Take Me, Use Me, Discard Me!
November 15, 2012 in Uncategorized
Wow! Where do I even begin with a topic like this? The other day it just dawned on me that the reason my past relationships didn’t work out is because I somewhere down the line decided that I wasn’t good enough and gave men the permission to treat me however they liked. I went from one messy relationship to the other expecting men to validate me in every possible way. I chose the most unlikely suspects! I remember some of my girlfriends would cringe when I introduced them to my new conquest. I knew what they were thinking, that I deserved better. I knew in my mind I could do so much better but the heart just couldn’t connect, I felt like crap and got treated like one! Where men would come into my life, take me, use me then toss me aside like a piece of burnt toast!
I would then spend years transfering my worthlessness to the next partner I meet, and the next and the next… Until my life came tumbling down and nearly strangled me in the process!

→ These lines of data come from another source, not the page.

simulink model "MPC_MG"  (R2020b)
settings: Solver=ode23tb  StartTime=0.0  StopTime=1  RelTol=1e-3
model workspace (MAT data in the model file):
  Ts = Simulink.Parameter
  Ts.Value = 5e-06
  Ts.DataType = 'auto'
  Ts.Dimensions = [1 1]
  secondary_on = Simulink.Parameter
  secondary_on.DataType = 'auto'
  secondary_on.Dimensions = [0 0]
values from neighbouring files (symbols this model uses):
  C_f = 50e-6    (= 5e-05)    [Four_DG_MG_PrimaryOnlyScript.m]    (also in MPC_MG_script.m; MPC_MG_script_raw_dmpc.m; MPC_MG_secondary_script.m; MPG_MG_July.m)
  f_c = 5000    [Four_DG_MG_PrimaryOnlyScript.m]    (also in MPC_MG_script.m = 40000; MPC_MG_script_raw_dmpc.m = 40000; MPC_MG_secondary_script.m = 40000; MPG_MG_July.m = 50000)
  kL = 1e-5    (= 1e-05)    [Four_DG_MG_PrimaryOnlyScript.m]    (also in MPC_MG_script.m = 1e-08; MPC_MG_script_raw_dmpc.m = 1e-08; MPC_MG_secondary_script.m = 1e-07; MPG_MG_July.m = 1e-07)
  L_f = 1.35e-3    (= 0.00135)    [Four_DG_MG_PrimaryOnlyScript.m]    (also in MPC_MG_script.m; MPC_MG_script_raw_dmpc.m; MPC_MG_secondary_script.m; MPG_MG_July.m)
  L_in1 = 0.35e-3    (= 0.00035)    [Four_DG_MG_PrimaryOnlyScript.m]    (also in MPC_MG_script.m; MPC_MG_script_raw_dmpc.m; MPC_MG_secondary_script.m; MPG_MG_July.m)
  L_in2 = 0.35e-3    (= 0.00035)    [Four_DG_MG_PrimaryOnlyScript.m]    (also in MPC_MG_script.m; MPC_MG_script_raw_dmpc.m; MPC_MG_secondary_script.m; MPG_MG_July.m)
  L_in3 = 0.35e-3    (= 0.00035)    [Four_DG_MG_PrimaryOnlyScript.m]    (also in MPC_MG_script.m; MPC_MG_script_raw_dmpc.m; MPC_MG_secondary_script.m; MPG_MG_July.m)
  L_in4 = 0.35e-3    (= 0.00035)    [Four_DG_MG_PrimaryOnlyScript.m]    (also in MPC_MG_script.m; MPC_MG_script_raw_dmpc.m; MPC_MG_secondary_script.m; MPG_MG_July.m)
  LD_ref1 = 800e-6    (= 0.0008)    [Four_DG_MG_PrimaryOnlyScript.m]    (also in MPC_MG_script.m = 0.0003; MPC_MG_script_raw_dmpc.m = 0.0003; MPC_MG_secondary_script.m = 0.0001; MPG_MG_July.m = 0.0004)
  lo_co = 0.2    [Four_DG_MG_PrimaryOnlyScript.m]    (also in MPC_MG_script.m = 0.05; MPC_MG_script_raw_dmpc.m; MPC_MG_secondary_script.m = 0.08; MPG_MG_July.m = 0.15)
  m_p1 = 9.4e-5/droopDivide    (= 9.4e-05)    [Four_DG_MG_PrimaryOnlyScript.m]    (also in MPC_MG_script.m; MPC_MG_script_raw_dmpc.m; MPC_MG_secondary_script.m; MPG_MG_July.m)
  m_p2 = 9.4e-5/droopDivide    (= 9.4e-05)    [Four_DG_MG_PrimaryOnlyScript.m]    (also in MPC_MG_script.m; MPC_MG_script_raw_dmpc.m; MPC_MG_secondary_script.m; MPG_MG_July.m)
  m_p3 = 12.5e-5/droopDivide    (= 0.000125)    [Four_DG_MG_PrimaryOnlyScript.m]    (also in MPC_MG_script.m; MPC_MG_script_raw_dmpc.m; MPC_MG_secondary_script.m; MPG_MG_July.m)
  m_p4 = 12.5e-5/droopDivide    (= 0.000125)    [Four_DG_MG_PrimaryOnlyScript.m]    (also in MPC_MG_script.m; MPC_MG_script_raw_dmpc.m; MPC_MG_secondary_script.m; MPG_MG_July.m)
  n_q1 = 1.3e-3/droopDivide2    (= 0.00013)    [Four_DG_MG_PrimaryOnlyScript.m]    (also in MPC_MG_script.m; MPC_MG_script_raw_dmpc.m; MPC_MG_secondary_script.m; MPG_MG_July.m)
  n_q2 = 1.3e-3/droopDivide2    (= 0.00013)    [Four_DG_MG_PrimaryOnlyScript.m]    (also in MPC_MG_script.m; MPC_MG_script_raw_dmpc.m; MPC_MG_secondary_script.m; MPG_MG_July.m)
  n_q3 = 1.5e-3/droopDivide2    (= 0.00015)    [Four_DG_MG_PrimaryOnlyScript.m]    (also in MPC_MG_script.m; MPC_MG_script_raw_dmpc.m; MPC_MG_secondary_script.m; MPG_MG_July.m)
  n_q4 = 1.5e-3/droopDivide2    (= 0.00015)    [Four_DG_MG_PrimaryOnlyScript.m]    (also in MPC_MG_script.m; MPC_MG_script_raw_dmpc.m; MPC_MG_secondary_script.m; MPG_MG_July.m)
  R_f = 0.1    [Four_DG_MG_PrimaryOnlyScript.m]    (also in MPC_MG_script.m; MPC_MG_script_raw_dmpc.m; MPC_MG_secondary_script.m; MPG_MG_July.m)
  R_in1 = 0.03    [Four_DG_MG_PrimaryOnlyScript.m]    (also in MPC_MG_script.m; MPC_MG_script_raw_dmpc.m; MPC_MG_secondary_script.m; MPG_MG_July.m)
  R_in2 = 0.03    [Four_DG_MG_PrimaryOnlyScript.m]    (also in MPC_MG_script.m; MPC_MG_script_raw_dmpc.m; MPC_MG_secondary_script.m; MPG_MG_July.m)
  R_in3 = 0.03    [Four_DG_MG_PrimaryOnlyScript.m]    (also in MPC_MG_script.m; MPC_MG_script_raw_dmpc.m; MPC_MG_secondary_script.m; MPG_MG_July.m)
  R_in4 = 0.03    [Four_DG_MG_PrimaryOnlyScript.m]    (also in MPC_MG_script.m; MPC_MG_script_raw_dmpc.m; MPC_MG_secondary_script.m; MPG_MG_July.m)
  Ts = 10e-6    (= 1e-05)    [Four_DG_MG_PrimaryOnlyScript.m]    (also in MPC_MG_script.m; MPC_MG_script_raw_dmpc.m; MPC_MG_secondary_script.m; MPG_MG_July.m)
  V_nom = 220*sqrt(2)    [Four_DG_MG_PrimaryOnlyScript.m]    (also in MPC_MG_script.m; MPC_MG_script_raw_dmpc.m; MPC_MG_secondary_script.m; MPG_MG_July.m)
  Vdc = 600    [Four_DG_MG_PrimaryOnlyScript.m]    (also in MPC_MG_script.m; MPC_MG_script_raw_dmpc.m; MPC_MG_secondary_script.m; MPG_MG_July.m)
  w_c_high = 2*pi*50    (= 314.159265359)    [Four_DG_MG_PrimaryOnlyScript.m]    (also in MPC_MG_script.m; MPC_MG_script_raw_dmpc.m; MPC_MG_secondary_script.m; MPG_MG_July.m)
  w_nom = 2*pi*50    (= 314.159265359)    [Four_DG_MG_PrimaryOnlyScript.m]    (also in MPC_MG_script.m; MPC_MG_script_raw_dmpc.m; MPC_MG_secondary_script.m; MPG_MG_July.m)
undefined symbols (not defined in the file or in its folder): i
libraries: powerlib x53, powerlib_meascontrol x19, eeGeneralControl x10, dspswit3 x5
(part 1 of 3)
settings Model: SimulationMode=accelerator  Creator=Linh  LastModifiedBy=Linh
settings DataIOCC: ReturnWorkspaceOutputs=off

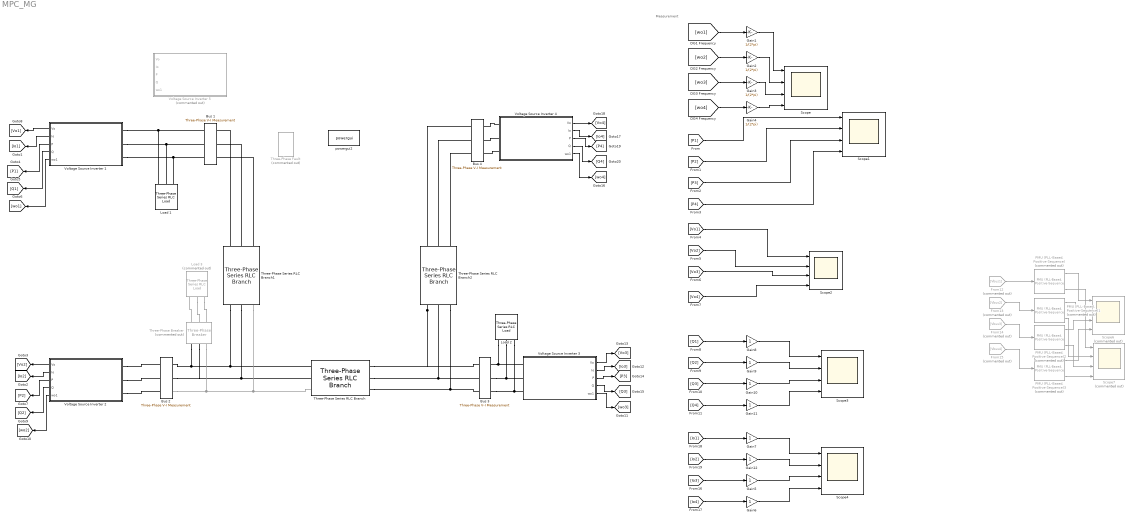
== system MPC_MG ==
  note: Measurement
  Bus 1 : powerlib/Measurements/Three-Phase V-I Measurement  VoltageMeasurement=phase-to-ground  SetLabelV=on  LabelV=Vbus1  Vpu=on  VpuLL=off  CurrentMeasurement=yes  SetLabelI=on  LabelI=Ibus1  Ipu=off  Pbase=100e6  Vbase=380  OutputType=Complex  PhasorSimulation=off  PSBequivalent=0
  Bus 2 : powerlib/Measurements/Three-Phase V-I Measurement  VoltageMeasurement=phase-to-ground  SetLabelV=on  LabelV=Vbus2  Vpu=on  VpuLL=off  CurrentMeasurement=yes  SetLabelI=on  LabelI=Ibus2  Ipu=off  Pbase=100e6  Vbase=380  OutputType=Complex  PhasorSimulation=off  PSBequivalent=0
  Bus 3 : powerlib/Measurements/Three-Phase V-I Measurement  VoltageMeasurement=phase-to-ground  SetLabelV=on  LabelV=Vbus3  Vpu=on  VpuLL=off  CurrentMeasurement=yes  SetLabelI=on  LabelI=Ibus3  Ipu=off  Pbase=100e6  Vbase=380  OutputType=Complex  PhasorSimulation=off  PSBequivalent=0
  Bus 4 : powerlib/Measurements/Three-Phase V-I Measurement  VoltageMeasurement=phase-to-phase  SetLabelV=on  LabelV=Vbus4  Vpu=off  VpuLL=on  CurrentMeasurement=no  SetLabelI=off  LabelI=Ibus4  Ipu=off  Pbase=100e6  Vbase=380  OutputType=Complex  PhasorSimulation=off  PSBequivalent=0
  From12 : From  Commented=on  GotoTag=Vbus1  TagVisibility=global
  From13 : From  Commented=on  GotoTag=Vbus2  TagVisibility=global
  From14 : From  Commented=on  GotoTag=Vbus3  TagVisibility=global
  From15 : From  Commented=on  GotoTag=Vbus4  TagVisibility=global
  Gain{1..4} (4 alike) : Gain  Gain=1/(2*pi)
  Gain{5..12} (8 alike) : Gain
  Load 1 : powerlib/Elements/Three-Phase Series RLC Load  LConnTagsString=A|B|C  Configuration=Y (grounded)  NominalVoltage=220*sqrt(3)  Vabc=[1e3 1e3 1e3]  Vabcp=[1e3 1e3 1e3]  NominalFrequency=50  UnbalancedPower=off  ActivePower=12000*3  InductivePower=12000*3  CapacitivePower=0  Pabc=[10e3 9e3 11e3]  QLabc=[100 90 110]  QCabc=[100 90 110]  Pabcp=[10e3 9e3 11e3]  QLabcp=[100 90 110]  QCabcp=[100 90 110]  Measurements=Branch voltages and currents  LoadType=constant Z
  Load 2 : powerlib/Elements/Three-Phase Series RLC Load  LConnTagsString=A|B|C  Configuration=Y (grounded)  NominalVoltage=220*sqrt(3)  Vabc=[1e3 1e3 1e3]  Vabcp=[1e3 1e3 1e3]  NominalFrequency=50  UnbalancedPower=off  ActivePower=15300*3  InductivePower=7600*3  CapacitivePower=0  Pabc=[10e3 9e3 11e3]  QLabc=[100 90 110]  QCabc=[100 90 110]  Pabcp=[10e3 9e3 11e3]  QLabcp=[100 90 110]  QCabcp=[100 90 110]  Measurements=Branch voltages and currents  LoadType=constant Z
  Load 3 : powerlib/Elements/Three-Phase Series RLC Load  Commented=on  LConnTagsString=A|B|C  Configuration=Y (grounded)  NominalVoltage=220*sqrt(3)  Vabc=[1e3 1e3 1e3]  Vabcp=[1e3 1e3 1e3]  NominalFrequency=50  UnbalancedPower=off  ActivePower=20000*3  InductivePower=12000*3  CapacitivePower=0  Pabc=[10e3 9e3 11e3]  QLabc=[100 90 110]  QCabc=[100 90 110]  Pabcp=[10e3 9e3 11e3]  QLabcp=[100 90 110]  QCabcp=[100 90 110]  Measurements=Branch voltages and currents  LoadType=constant Z
  PMU (PLL-Based, Positive-Sequence){,1..3} (4 alike) : powerlib_meascontrol/Measurements/PMU (PLL-Based, Positive-Sequence)  Commented=on  nominalFrequency=50  samplingRate=64  reportingFactor=5
      settings: SourceProductBaseCode=PS
  Scope{,1..4} (5 alike) : Scope  NumInputPorts=4
  Scope6 : Scope  Commented=on  NumInputPorts=4
  Scope7 : Scope  Commented=on  NumInputPorts=4
  Three-Phase Series RLC Branch : powerlib/Elements/Three-Phase Series RLC Branch  LConnTagsString=A|B|C  RConnTagsString=A|B|C  BranchType=RL  Resistance=0.35  Inductance=1847e-6  Capacitance=1e-6  Measurements=Branch voltages and currents
  Three-Phase Series RLC Branch1 : powerlib/Elements/Three-Phase Series RLC Branch  LConnTagsString=A|B|C  RConnTagsString=A|B|C  BranchType=RL  Resistance=0.23  Inductance=318e-6  Capacitance=1e-6  Measurements=Branch voltages and currents
  Three-Phase Series RLC Branch2 : powerlib/Elements/Three-Phase Series RLC Branch  LConnTagsString=A|B|C  RConnTagsString=A|B|C  BranchType=RL  Resistance=0.23  Inductance=318e-6  Capacitance=1e-6  Measurements=Branch voltages and currents
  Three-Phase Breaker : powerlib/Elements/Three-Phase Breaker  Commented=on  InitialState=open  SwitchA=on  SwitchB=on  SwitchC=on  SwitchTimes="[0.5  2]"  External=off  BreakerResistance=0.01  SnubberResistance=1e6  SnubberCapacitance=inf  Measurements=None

Now who in their right mind would allow themselves to be treated like that?! You wonder? I am telling you, an insecure woman, a woman who has been rejected all her life, a women whose self-esteem has never taken off, has never risen (at her lowest it probably peaked at minus zero, highest maybe a 4 if she was lucky!) How can that woman think she deserves better. How will that woman be able to identify the best when she doesn’t know what the best looks like, all she knew was the mess she was surrounded by! I grieve for all the lost years I suffered but at the same time I am equally empowered to give life another try, 2nd chances. I believe in 2nd chances, We all need some of that.
I am in a better space, am ready for round-2.